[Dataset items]
☆ ☆ ☆
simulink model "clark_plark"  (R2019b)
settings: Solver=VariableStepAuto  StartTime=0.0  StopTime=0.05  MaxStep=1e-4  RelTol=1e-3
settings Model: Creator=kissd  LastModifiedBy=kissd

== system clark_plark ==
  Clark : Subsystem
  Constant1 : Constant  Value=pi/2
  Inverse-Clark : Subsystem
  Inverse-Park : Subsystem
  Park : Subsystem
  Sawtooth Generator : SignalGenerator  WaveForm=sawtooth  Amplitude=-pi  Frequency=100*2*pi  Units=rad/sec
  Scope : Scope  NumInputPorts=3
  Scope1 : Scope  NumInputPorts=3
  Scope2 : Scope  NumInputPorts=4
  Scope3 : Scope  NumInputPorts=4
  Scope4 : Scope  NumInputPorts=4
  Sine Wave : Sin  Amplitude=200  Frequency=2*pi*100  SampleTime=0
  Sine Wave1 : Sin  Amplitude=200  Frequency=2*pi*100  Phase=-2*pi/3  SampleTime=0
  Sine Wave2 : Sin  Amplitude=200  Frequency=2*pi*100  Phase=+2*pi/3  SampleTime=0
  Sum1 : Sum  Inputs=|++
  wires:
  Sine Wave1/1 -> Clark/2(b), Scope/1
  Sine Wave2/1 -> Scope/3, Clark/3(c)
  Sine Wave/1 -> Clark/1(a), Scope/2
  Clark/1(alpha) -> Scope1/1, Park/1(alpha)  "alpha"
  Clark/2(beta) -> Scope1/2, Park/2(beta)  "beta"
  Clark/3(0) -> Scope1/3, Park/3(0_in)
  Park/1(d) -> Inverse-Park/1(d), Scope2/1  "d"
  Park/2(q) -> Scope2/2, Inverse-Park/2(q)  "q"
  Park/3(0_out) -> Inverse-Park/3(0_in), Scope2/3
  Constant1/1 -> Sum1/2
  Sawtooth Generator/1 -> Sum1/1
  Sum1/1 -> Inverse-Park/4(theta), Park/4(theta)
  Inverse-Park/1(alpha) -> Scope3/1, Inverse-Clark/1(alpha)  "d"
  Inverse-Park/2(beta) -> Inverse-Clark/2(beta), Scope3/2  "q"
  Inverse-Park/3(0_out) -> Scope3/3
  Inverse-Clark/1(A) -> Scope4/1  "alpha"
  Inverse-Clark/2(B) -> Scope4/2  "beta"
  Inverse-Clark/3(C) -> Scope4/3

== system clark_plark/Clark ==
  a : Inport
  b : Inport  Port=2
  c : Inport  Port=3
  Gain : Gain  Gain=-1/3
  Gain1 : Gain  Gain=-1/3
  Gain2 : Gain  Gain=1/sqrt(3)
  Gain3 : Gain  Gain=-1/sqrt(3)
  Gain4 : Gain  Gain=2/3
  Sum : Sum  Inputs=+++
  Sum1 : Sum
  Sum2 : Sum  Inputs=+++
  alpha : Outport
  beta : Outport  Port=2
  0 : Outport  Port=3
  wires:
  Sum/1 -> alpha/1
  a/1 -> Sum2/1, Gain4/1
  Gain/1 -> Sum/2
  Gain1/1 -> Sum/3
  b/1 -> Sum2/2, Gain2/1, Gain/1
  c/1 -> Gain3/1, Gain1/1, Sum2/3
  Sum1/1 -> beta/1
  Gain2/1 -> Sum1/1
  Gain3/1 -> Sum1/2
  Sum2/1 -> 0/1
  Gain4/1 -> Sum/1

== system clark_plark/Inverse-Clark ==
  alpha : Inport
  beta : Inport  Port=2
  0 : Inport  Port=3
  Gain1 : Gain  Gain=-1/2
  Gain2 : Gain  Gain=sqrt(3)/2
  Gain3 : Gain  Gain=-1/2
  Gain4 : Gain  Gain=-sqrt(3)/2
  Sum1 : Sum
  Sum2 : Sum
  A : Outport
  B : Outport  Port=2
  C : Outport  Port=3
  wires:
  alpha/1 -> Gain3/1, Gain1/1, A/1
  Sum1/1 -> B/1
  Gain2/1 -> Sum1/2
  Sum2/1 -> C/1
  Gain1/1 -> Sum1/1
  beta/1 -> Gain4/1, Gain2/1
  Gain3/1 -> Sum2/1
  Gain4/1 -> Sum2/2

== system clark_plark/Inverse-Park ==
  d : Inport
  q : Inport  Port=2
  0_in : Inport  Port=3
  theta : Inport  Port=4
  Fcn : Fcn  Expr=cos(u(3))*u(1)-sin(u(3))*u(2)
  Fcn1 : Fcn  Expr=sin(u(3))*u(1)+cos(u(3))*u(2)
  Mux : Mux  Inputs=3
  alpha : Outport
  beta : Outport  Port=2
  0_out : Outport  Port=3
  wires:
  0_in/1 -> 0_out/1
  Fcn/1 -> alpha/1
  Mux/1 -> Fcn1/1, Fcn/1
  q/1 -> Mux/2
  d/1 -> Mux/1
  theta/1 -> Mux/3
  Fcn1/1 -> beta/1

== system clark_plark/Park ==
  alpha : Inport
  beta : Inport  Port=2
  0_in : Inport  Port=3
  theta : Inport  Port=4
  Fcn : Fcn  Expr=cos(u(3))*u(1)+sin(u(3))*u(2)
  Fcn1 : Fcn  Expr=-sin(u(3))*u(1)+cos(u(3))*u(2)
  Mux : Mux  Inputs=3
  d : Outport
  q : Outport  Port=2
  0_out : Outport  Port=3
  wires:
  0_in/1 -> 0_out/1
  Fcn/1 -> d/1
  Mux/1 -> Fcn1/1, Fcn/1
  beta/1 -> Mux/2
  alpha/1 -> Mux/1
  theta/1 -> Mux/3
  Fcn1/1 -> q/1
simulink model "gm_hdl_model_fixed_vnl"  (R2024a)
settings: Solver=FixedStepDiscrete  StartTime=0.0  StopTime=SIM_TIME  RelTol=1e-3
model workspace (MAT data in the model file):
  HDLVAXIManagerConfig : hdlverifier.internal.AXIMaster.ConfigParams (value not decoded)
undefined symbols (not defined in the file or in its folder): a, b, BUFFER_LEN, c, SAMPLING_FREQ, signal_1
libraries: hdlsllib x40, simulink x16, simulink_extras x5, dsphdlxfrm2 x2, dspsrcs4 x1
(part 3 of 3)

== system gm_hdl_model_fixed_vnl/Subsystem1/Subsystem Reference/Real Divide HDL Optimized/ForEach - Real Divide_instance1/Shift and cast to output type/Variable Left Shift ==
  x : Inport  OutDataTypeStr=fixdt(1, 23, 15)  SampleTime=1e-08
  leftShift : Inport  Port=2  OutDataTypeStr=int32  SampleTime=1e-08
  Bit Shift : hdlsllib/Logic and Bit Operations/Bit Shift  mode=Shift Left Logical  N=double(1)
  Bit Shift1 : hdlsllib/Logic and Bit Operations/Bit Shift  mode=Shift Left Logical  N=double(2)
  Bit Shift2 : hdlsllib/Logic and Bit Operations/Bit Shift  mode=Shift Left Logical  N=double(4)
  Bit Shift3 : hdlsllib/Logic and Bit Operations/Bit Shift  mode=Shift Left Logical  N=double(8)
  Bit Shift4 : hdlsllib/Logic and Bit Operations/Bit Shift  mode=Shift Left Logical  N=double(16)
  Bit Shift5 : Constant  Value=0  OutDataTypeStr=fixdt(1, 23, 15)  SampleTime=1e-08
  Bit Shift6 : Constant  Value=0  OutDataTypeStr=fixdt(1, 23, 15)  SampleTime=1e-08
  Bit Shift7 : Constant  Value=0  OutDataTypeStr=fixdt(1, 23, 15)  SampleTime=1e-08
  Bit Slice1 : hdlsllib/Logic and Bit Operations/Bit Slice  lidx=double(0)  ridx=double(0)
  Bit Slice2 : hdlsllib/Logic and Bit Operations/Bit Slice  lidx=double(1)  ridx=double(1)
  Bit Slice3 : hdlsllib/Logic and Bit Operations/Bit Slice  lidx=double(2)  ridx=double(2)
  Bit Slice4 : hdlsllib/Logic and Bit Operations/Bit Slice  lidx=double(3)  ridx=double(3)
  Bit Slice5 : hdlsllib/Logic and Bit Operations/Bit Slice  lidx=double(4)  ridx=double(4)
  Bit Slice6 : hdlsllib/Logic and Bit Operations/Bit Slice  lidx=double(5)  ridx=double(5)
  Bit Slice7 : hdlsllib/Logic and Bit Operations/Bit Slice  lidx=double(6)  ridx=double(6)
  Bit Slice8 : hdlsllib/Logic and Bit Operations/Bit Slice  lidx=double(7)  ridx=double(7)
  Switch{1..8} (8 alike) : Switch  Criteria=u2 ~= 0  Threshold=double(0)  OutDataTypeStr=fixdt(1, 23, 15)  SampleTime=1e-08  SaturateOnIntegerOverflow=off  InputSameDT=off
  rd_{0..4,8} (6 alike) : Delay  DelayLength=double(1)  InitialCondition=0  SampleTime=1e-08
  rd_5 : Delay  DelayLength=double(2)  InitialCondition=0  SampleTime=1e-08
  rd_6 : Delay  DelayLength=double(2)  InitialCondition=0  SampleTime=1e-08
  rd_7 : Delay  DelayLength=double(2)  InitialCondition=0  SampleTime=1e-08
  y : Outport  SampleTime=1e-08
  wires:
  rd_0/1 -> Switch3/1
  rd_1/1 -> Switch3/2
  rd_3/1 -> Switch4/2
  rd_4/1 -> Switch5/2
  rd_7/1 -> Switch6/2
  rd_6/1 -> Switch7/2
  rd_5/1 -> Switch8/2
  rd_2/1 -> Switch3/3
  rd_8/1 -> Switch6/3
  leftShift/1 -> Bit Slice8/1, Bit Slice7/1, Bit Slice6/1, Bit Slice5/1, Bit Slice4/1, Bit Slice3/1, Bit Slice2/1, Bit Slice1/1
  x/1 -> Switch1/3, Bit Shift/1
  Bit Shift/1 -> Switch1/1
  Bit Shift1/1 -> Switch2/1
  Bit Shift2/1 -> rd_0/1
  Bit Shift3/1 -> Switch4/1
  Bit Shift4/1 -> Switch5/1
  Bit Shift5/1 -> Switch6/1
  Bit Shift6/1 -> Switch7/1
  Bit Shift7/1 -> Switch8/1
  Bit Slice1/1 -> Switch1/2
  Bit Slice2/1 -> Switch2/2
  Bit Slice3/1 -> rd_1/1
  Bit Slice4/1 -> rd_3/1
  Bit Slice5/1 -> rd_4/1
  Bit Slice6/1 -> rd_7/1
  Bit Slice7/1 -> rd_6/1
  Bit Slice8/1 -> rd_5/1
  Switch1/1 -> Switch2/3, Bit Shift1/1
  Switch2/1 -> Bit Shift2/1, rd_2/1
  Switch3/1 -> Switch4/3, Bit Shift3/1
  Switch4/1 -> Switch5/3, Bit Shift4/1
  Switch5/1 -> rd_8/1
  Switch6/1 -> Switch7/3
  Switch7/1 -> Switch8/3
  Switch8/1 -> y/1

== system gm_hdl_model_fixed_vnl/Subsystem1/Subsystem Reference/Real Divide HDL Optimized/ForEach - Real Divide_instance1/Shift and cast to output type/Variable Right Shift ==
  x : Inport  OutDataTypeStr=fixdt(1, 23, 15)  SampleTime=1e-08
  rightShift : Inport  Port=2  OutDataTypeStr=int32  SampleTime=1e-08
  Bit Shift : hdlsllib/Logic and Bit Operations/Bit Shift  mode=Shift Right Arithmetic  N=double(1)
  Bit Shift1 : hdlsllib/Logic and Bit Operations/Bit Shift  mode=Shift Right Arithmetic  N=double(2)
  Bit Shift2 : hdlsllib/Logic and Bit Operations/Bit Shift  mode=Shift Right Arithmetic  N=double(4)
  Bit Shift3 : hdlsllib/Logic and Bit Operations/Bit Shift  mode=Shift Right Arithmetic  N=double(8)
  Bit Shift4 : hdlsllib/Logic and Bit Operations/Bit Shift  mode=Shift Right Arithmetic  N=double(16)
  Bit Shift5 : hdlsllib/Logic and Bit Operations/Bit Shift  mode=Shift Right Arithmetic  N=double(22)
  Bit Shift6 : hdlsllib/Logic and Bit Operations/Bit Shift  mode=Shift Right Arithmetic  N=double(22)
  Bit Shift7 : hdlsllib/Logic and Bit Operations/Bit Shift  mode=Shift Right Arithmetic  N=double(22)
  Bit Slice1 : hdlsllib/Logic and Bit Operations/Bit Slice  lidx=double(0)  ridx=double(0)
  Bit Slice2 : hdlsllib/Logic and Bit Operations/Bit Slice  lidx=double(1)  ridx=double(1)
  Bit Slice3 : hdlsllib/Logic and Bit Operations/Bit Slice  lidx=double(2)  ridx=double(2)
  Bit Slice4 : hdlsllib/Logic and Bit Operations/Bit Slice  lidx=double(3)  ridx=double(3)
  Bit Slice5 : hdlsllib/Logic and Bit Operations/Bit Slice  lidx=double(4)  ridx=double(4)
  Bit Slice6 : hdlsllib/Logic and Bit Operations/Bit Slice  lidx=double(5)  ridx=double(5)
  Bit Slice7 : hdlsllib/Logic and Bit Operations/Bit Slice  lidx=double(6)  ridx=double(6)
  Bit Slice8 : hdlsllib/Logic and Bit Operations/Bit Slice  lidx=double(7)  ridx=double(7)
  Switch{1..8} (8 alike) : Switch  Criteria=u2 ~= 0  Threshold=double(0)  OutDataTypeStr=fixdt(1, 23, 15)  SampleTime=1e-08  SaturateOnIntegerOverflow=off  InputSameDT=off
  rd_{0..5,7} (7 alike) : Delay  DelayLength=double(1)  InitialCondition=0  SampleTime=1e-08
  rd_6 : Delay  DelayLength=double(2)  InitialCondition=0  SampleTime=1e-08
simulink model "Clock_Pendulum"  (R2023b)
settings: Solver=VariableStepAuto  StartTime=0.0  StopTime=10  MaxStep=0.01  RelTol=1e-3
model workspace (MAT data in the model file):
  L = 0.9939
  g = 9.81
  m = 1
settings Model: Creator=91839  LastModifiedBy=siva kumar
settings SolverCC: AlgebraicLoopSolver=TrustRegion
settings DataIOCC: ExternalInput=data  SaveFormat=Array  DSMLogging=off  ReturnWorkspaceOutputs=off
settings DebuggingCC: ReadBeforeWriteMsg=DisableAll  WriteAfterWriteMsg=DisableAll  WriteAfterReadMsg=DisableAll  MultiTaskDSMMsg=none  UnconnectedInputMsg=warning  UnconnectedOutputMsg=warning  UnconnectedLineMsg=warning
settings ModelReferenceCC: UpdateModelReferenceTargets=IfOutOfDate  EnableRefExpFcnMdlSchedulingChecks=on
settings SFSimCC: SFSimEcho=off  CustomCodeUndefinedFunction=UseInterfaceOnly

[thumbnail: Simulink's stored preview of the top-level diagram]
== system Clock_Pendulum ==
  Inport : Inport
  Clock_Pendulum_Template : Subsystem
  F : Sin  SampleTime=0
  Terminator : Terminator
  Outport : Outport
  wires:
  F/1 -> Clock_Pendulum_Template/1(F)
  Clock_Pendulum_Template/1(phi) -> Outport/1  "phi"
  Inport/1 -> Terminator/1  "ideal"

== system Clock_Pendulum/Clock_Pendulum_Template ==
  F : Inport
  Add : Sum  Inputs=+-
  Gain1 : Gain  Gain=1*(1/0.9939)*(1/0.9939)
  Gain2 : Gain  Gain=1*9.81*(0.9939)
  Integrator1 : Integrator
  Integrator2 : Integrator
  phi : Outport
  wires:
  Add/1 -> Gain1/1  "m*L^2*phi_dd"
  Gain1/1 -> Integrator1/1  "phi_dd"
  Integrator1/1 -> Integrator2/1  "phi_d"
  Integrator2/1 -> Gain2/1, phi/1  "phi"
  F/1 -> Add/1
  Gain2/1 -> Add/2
☆ ☆ ☆
▶ _DIRECTIONS_: Of the lines above, output exactly those from the line bearing "rd_4/1 -> Switch5/2" through the line bearing "rd_8/1 -> Switch6/3", inclusive.

▶ _RESPONSE BOX_:
  rd_4/1 -> Switch5/2
  rd_7/1 -> Switch6/2
  rd_6/1 -> Switch7/2
  rd_5/1 -> Switch8/2
  rd_2/1 -> Switch3/3
  rd_8/1 -> Switch6/3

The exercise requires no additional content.